In medicine, by contrast, no one ever sees a real price for anything. No patient. No doctor. No employee. No employer. Providers are paid based on rates negotiated in advance. And there can be a different payment rate for every third-party payer. Patients rarely see these rates. But even if they did see them, they are inconsequential to behavior, since the patient isn’t paying them anyway. Doctors, therefore, do not compete for patients based on price. And since they are not competing on price, they do not compete on quality either.
Everyone is left with perverse incentives. The patients’ incentive is to overuse and misuse the system, since they mainly pay for care with time and not money. The providers’ incentive is to maximize against the third party payment formulas. When everyone acts on these incentives, they do things that make costs higher, quality lower and access more difficult than would otherwise be the case.
So what can be done? Enter Zeke Emanuel, Don Berwick, Andy Stern, Uwe Reinhardt, Tom Daschle and other names you might recognize to offer the best thinking two dozen like-minded people the left can come up with in the latest issue of the New England Journal of Medicine (NEJM). Their answer: double down and give us more of the same. That is, doctors would be even less free to compete for patients based on price and quality, patients would be even less likely to ever face a real price for any service, and perverse incentives would become even more perverse than they are now.
Dream, dream, dream
All I ever do is dream
The two most important proposals are: (1) market-wide negotiation leading to all-payer fees (every third party pays the same) and (2) a “global budget” cap on the rate at which these fees can increase over time.
A point that is almost never mentioned in these discussions (except by yours truly) is that whenever a price is negotiated you are in the same act predetermining a largely inflexible bundle of services. A physician encounter with a patient, for example, almost always means a face-to-face meeting in the doctor’s office. Suppose the doctor later discovers it is more convenient, cheaper and better to meet in some other way — say by phone, or e-mail, or text messaging, or Skype, or some other form of telemedicine? That’s too bad. Those items weren’t on the original negotiated list.
Anytime you pay any professional according to a list of tasks, about the only work you are ever going to get is work listed on the fee schedule. Anything you leave off is unlikely to ever get done, unless you are dealing with a professional who is willing to devote a lot of time to non-billable activities.
Just to give one example, Dr. Jeffrey Brenner in Camden, New Jersey, is saving millions of dollars for Medicare and Medicaid, keeping potentially high-spending patients relatively healthy largely through social work activities. But since most “social work” activities aren’t on the list of 7,500 tasks Medicare pays doctors to do, Brenner gets very little payment from the government in return. That’s why there aren’t very many Brenners around. If instead of handing Brenner a fee schedule, the government agreed to pay Brenner, say, 20% of every dollar he saves the system, there would be Brenner lookalikes all over the country.

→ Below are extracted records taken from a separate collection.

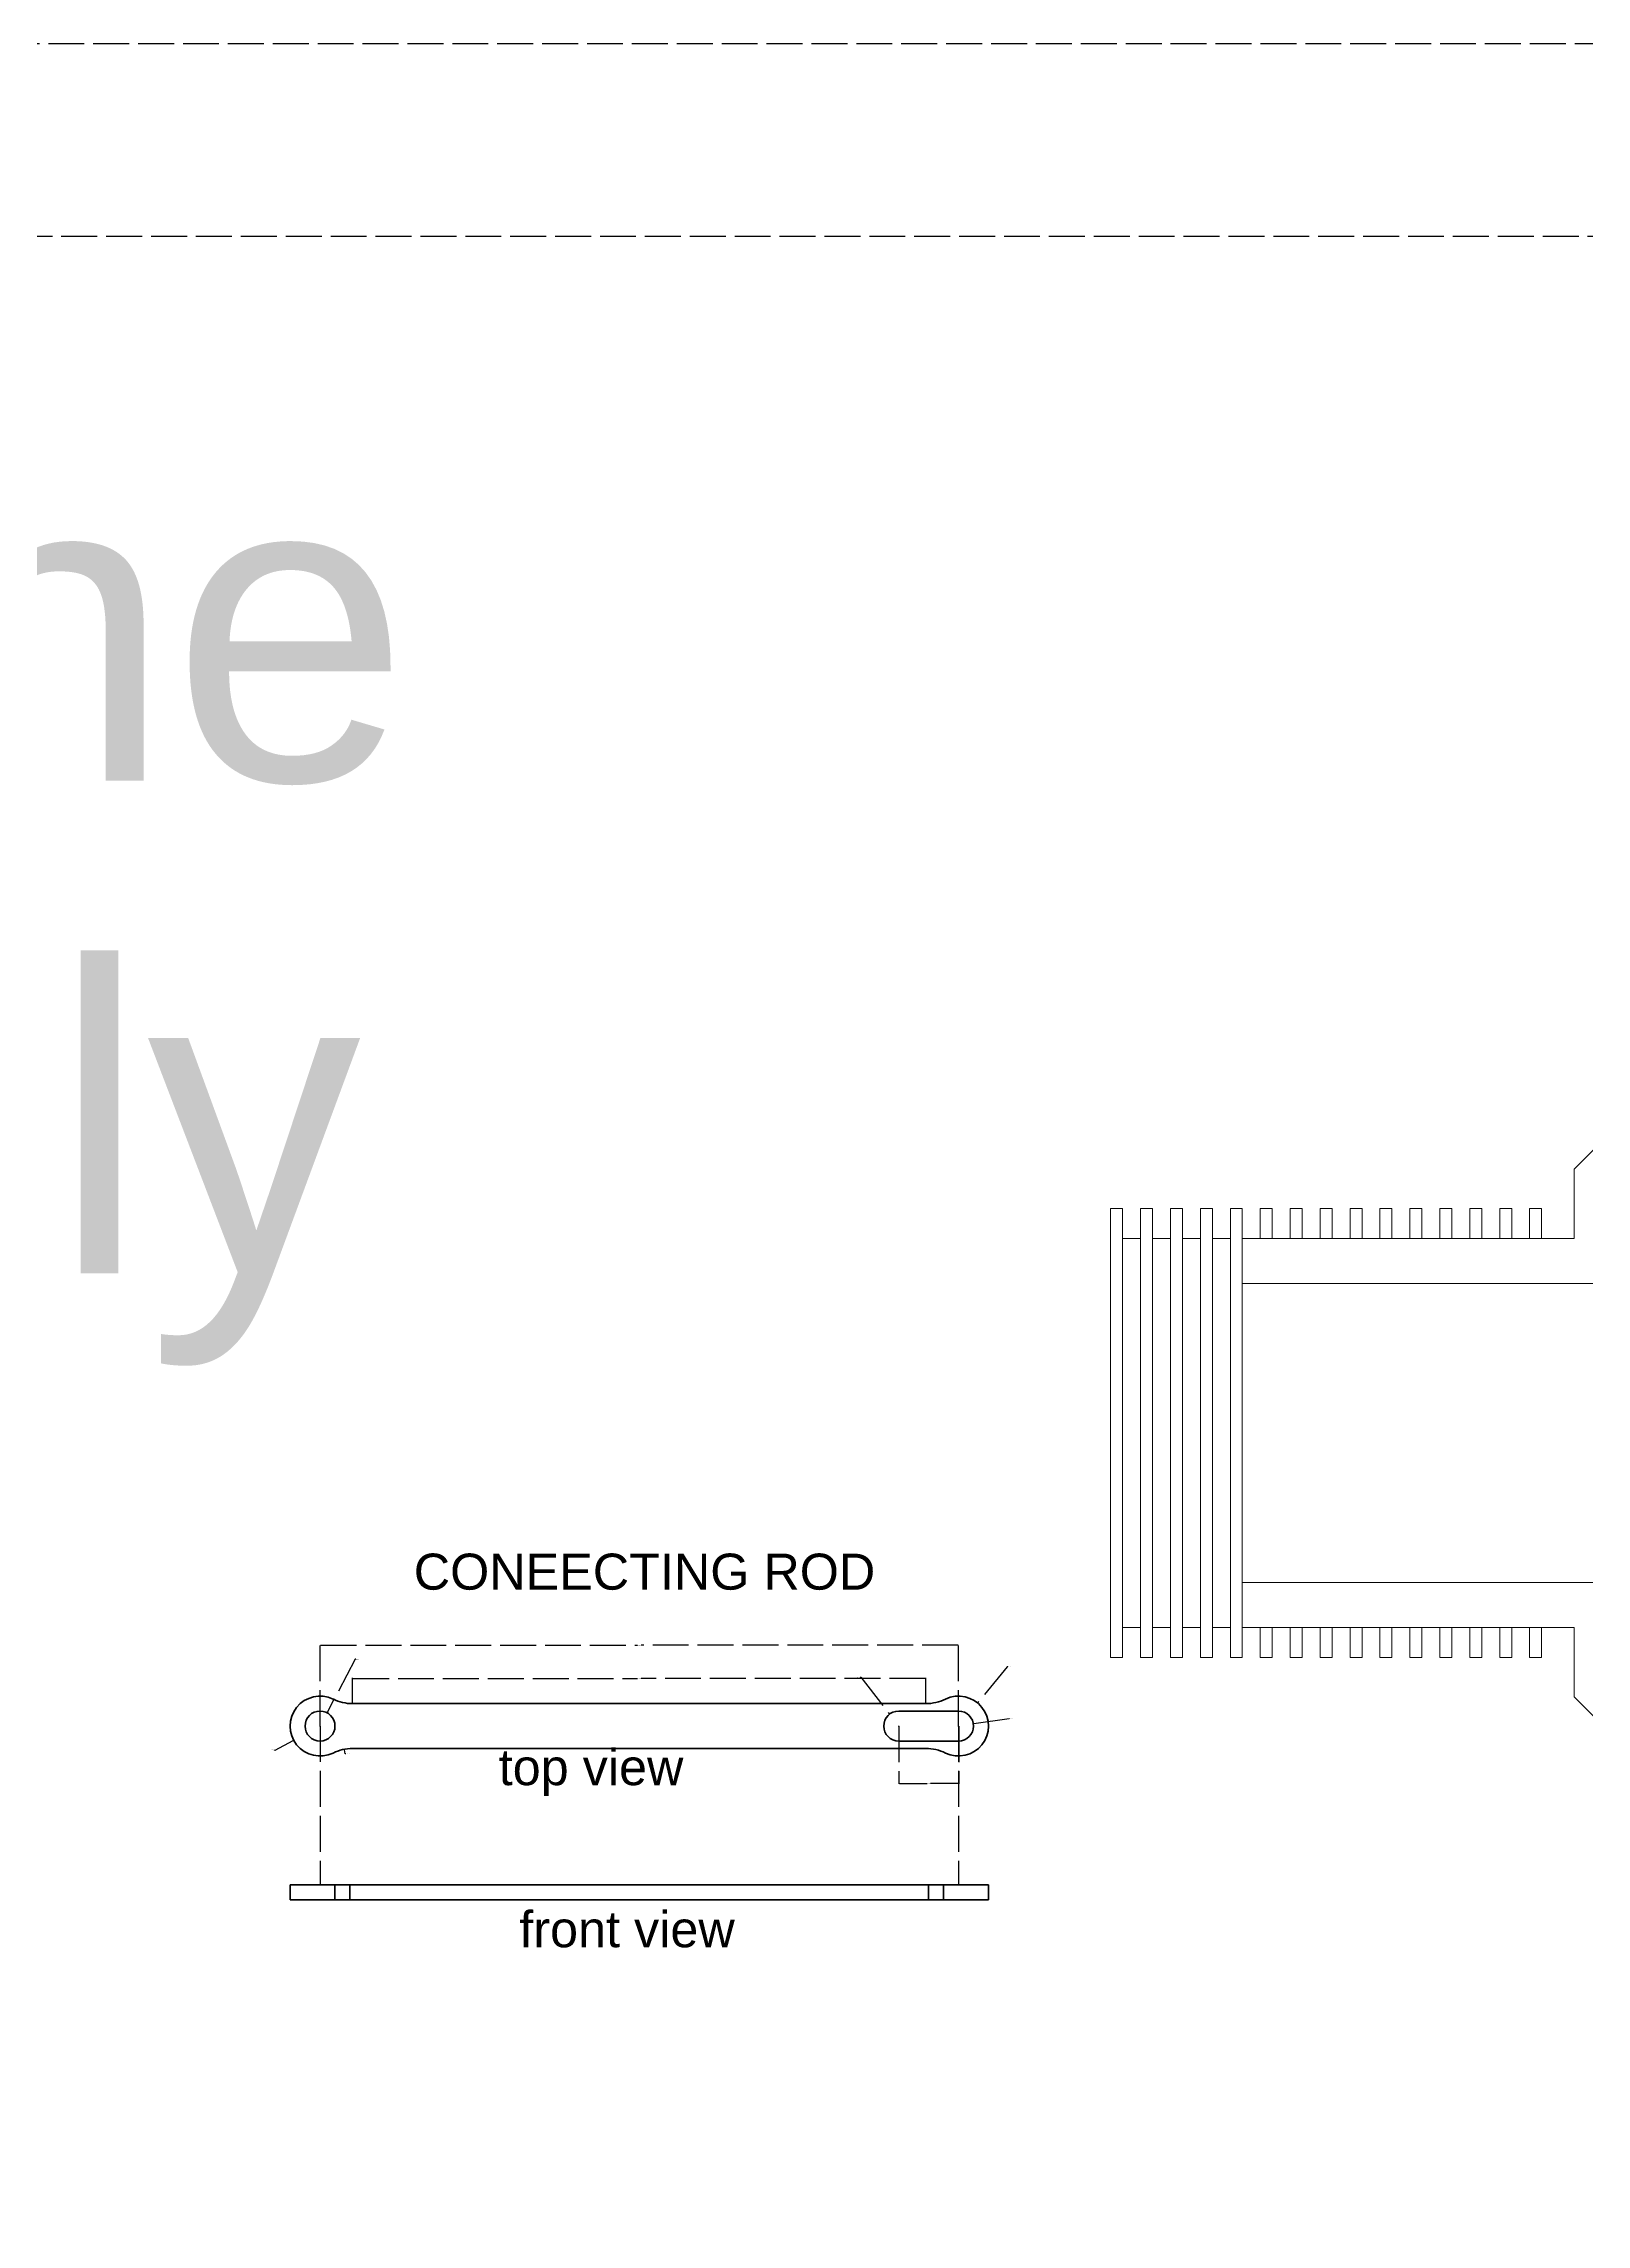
# Model space of a CAD drawing. Header units: inches. Extents: x -144 to 2107, y -181 to 1647.
# Drawn here: x 589 to 1105, y 918 to 1647 of the extents above; entities that cross this region are included whole.
import ezdxf

# ---------------------------------------------------------------- set-up
doc = ezdxf.new("R2010")
doc.units = ezdxf.units.IN
doc.header["$MEASUREMENT"] = 0
doc.linetypes.add('ACAD_ISO02W100', pattern=[15, 12, -3])
doc.layers.add('casing', color=50, linetype='FENCELINE1', lineweight=13, transparency=0.1)
doc.layers.add('connecting rod', color=3, linetype='Continuous', lineweight=158)
doc.layers.add('piston', color=10, linetype='FENCELINE2', lineweight=15)
doc.layers.add('Layer7', color=30, linetype='ACAD_ISO02W100')
doc.styles.add('Annotative', font='arial.ttf')
doc.styles.get("Standard").update_dxf_attribs({"font": 'arial.ttf'})
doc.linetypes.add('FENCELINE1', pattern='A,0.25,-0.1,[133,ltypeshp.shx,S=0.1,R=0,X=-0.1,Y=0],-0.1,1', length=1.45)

Rather than following my advice (no, they didn’t invite me to participate), the NEJM crowd would make things even worse. By making the negotiations market-wide and by using them as the basis for controlling costs, the proposal virtually guarantees that no provider is going to experiment, innovate and try to find alternative ways of lowering costs, raising quality and improving access to care. And since the only people who are even remotely capable of doing these things are the providers themselves, this approach is doomed to fail before it’s even tried.
Parenthetically, I have never understood the obsession on the left with suppressing doctor fees. Arbitrary limits on provider fees are an attempt to shift costs from patients and taxpayers to doctors and other providers. But, as every economist knows, shifting costs is not the same thing as controlling costs. Even if the effort were successful, real costs would not be lower and the system would not be more efficient as a result. A better way of achieving the same result would be to tax doctor incomes and use the proceeds to subsidize health insurance premiums. That would achieve the same redistribution without creating even more distortions than are already there.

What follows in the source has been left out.